Putin has all the reasons to feel concerned.  The next Duma elections might be five years away, but in less than three months, he will participate in the presidential election, an event that so far, has been deliberately staged as a public referendum on Putin.  Indeed, lacking serious – that is, capable of beating him at the poll — contenders in 2000 and 2004, Putin always behaved as if the presidential elections were not a competition between him and other candidates, but, rather, a “deal” between him and the Russian voters.  This was reflected even in the way Putin used to conduct his election “campaigns:” no formal election speeches, no TV debates with fellow candidates.

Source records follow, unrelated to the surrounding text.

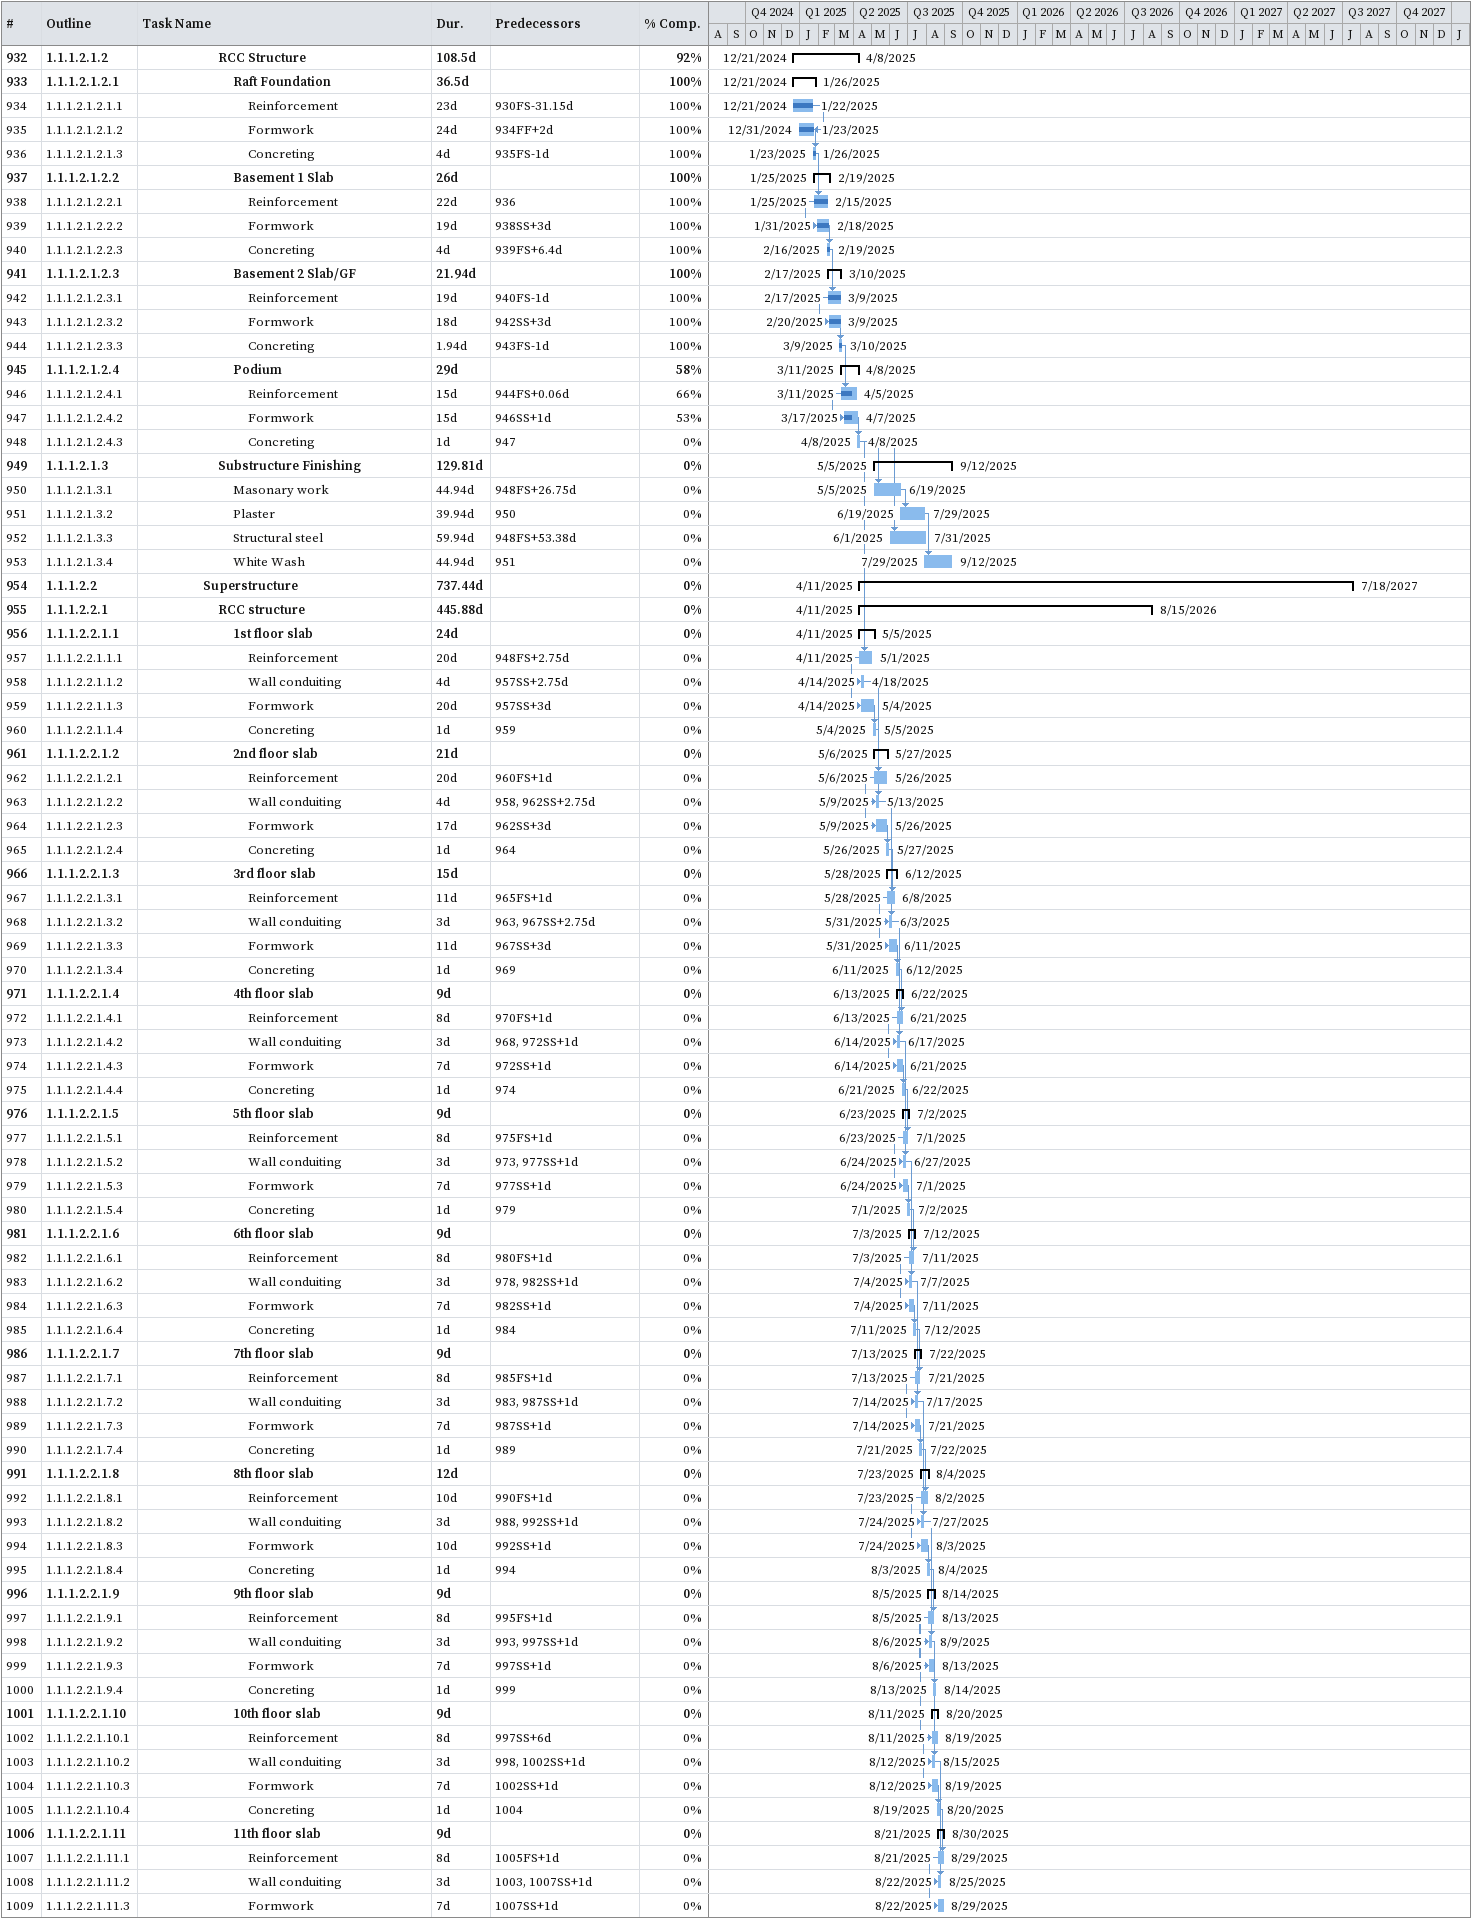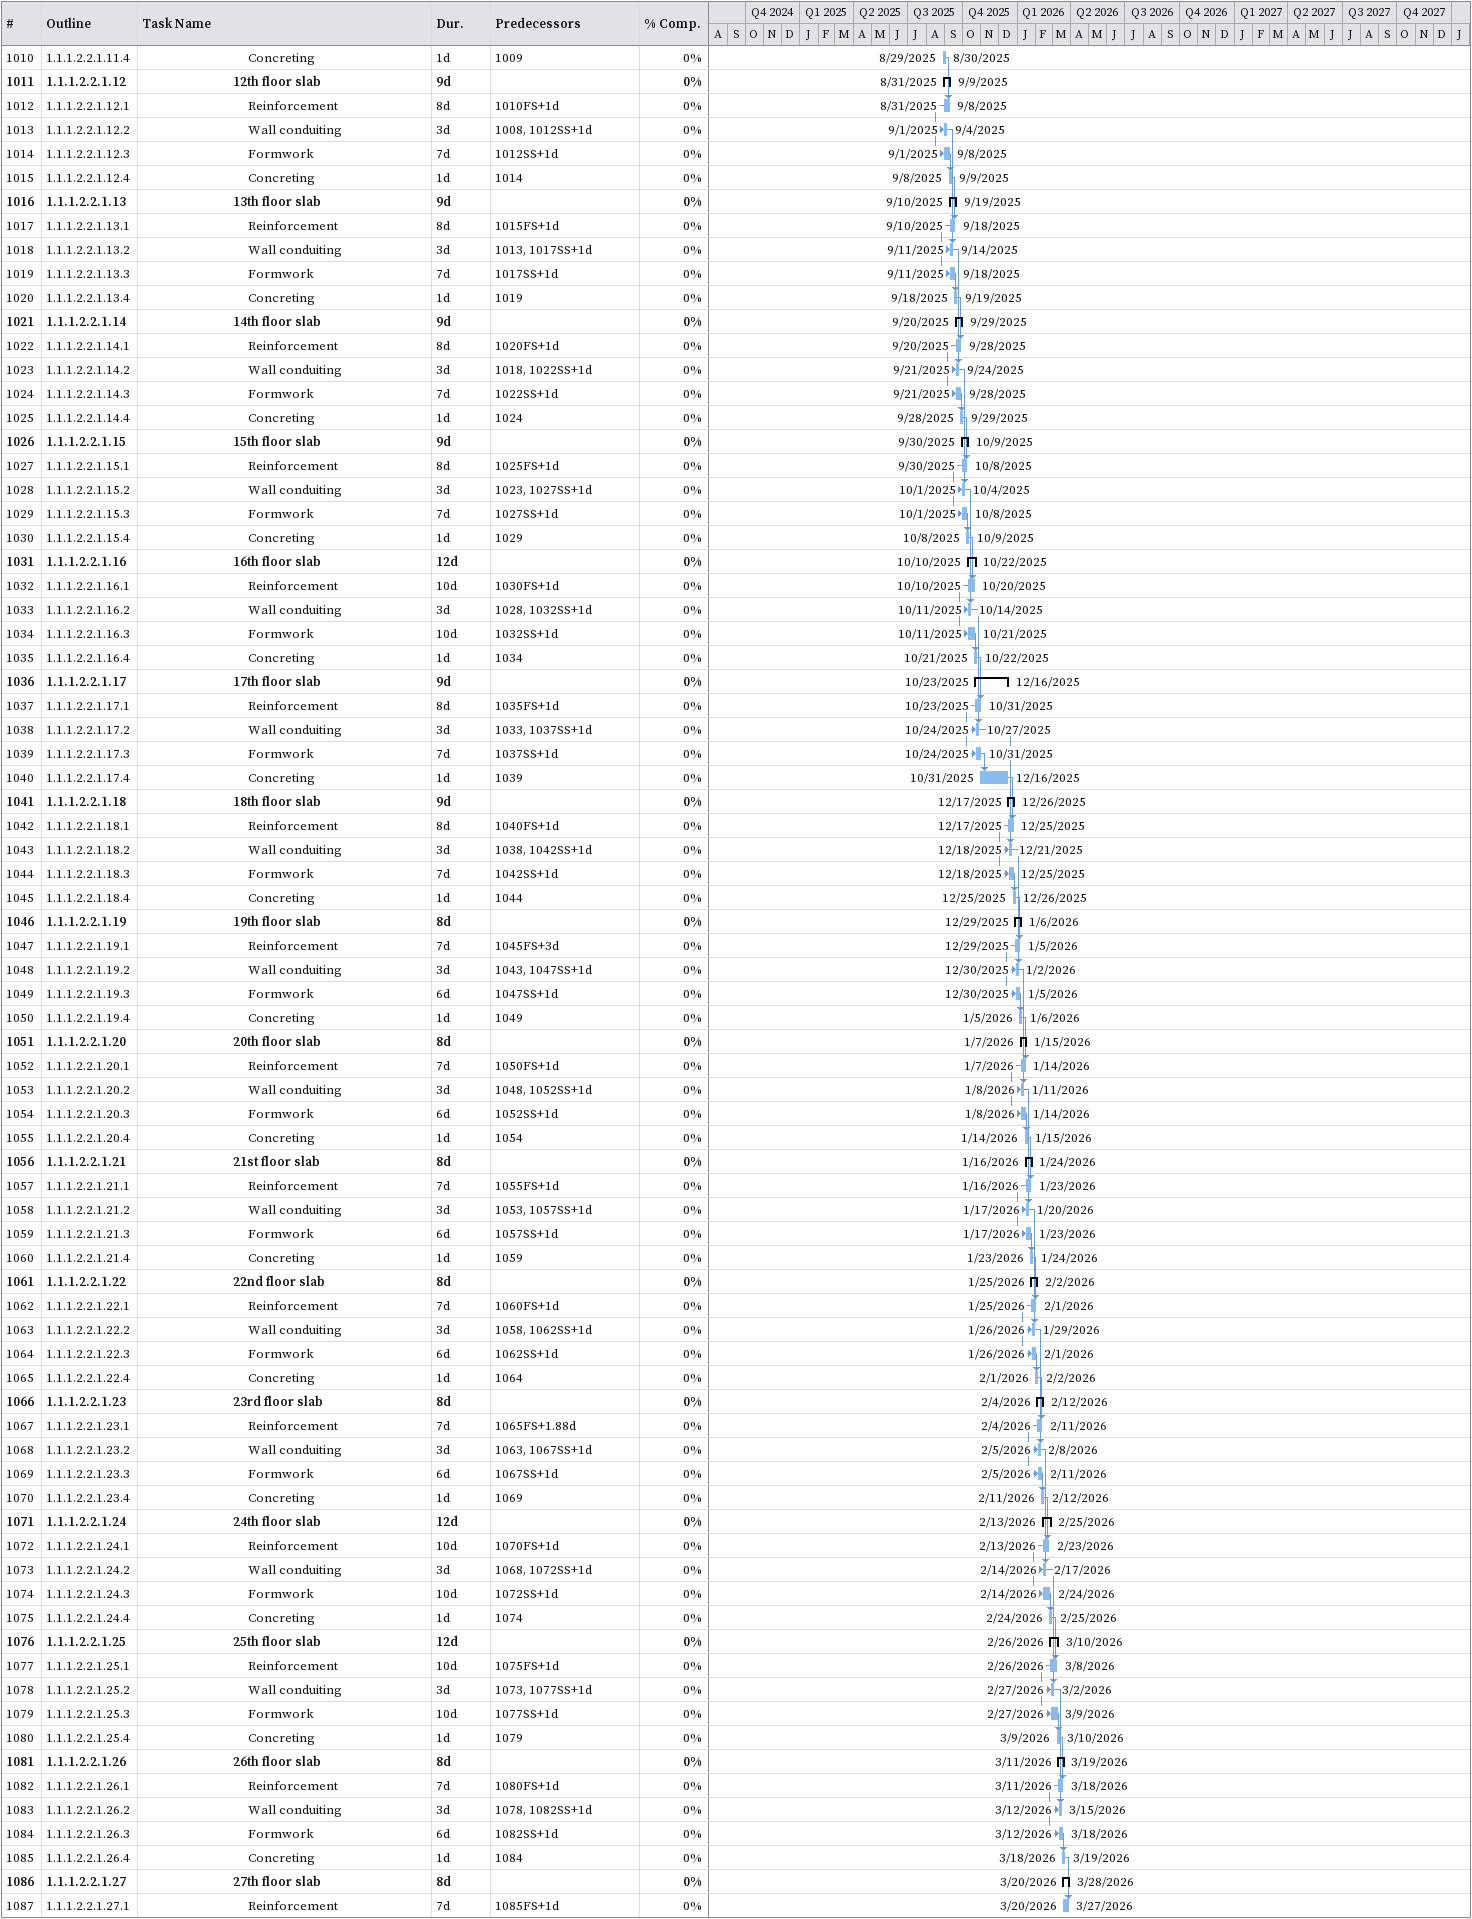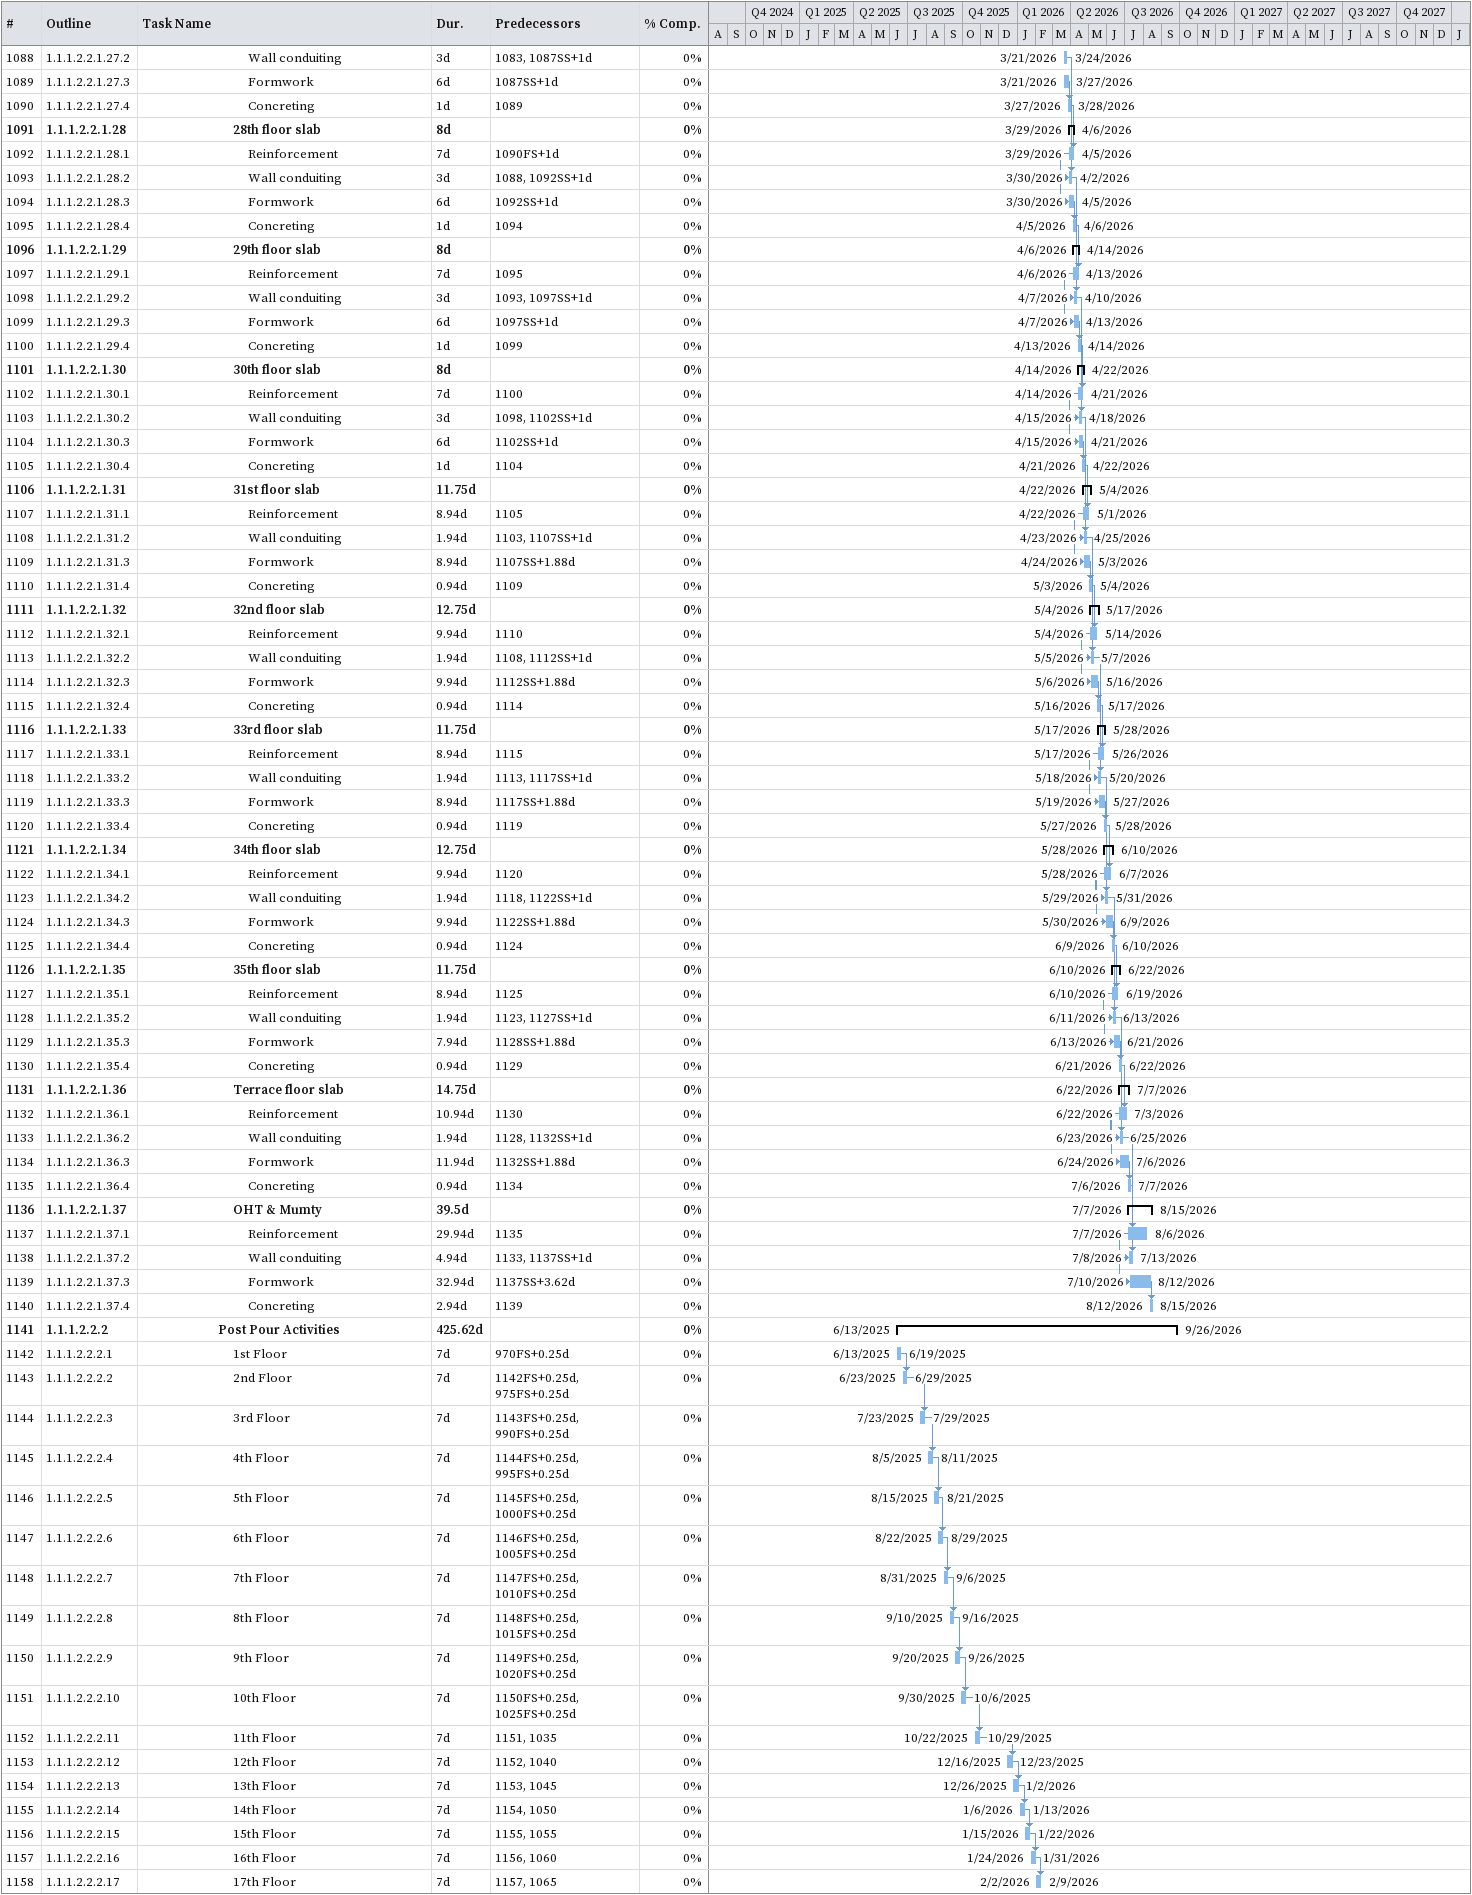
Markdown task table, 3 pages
| ID | WBS | Task | Duration | Start | Finish | Predecessors | % complete |
|---|---|---|---|---|---|---|---|
| 932 | 1.1.1.2.1.2 | **RCC Structure** | 108.5d | 2024-12-21 | 2025-04-08 |  | 92 |
| 933 | 1.1.1.2.1.2.1 | **Raft Foundation** | 36.5d | 2024-12-21 | 2025-01-26 |  | 100 |
| 934 | 1.1.1.2.1.2.1.1 | Reinforcement | 23d | 2024-12-21 | 2025-01-22 | 930FS-31.15d | 100 |
| 935 | 1.1.1.2.1.2.1.2 | Formwork | 24d | 2024-12-31 | 2025-01-23 | 934FF+2d | 100 |
| 936 | 1.1.1.2.1.2.1.3 | Concreting | 4d | 2025-01-23 | 2025-01-26 | 935FS-1d | 100 |
| 937 | 1.1.1.2.1.2.2 | **Basement 1 Slab** | 26d | 2025-01-25 | 2025-02-19 |  | 100 |
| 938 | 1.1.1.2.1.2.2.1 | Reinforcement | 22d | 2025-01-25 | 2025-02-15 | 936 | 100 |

Will Putin reverse the course in the months ahead of the March 4 vote?  Will he take part in TV debates with the presidential candidates from the Communist party, LDPR and Yabloko?  Putin’s public debating skills remain largely unknown; in any case, even holding his ground against fierce Vladimir Zhirinovsky or brainy Grigory Yavlinsky – both experienced debaters – won’t be easy.  Besides, Putin is likely to be asked a question he would prefer not answering: why is it him and not the current President Dmitry Medvedev who’s running?

In the days following the Sunday elections, Putin revealed what appear to be major hallmarks of his current election bid.  First, he’s trying to distance himself from the United Russia party.  In an interview with the BBC’s Russian Service on Tuesday, his spokesman Dmitry Peskov argued that “Putin was never directly connected” to the party.  Peskov’s statement sounds almost surreal, given that United Russia’s website still lists Putin as its Chairman.  This morning, Putin expressed having “tender feelings” toward United Russia and then announced that his presidential campaign will be based instead on the All-Russia People’s Front he hastily created last May.

Second, during a meeting on Tuesday with heads of United Russia’s public reception offices, Putin issued a strongly worded promise to fight corruption using both “formal and informal” resources.  It’s therefore quite possible that in the run up to the election, a couple of mid-ranked government officials will be sacked with great fanfare.

It’s hard to say which election result will be considered a “victory” by Putin himself.  Formally, in order to get elected in the first round of the vote — and this objective was explicitly stated by his campaign staff — Putin needs to take over 50 percent of the ballots, something that looks quite realistic today.  Yet, we remember that in 2004, Putin’s score stood at 71 percent, a result that can hardly be achieved next year without the helpful hand of the Central Election Commission.  Everything above 50 will be considered Putin’s election win, but will he take anything below 71 as a referendum victory commensurate with his status as the “nation leader?”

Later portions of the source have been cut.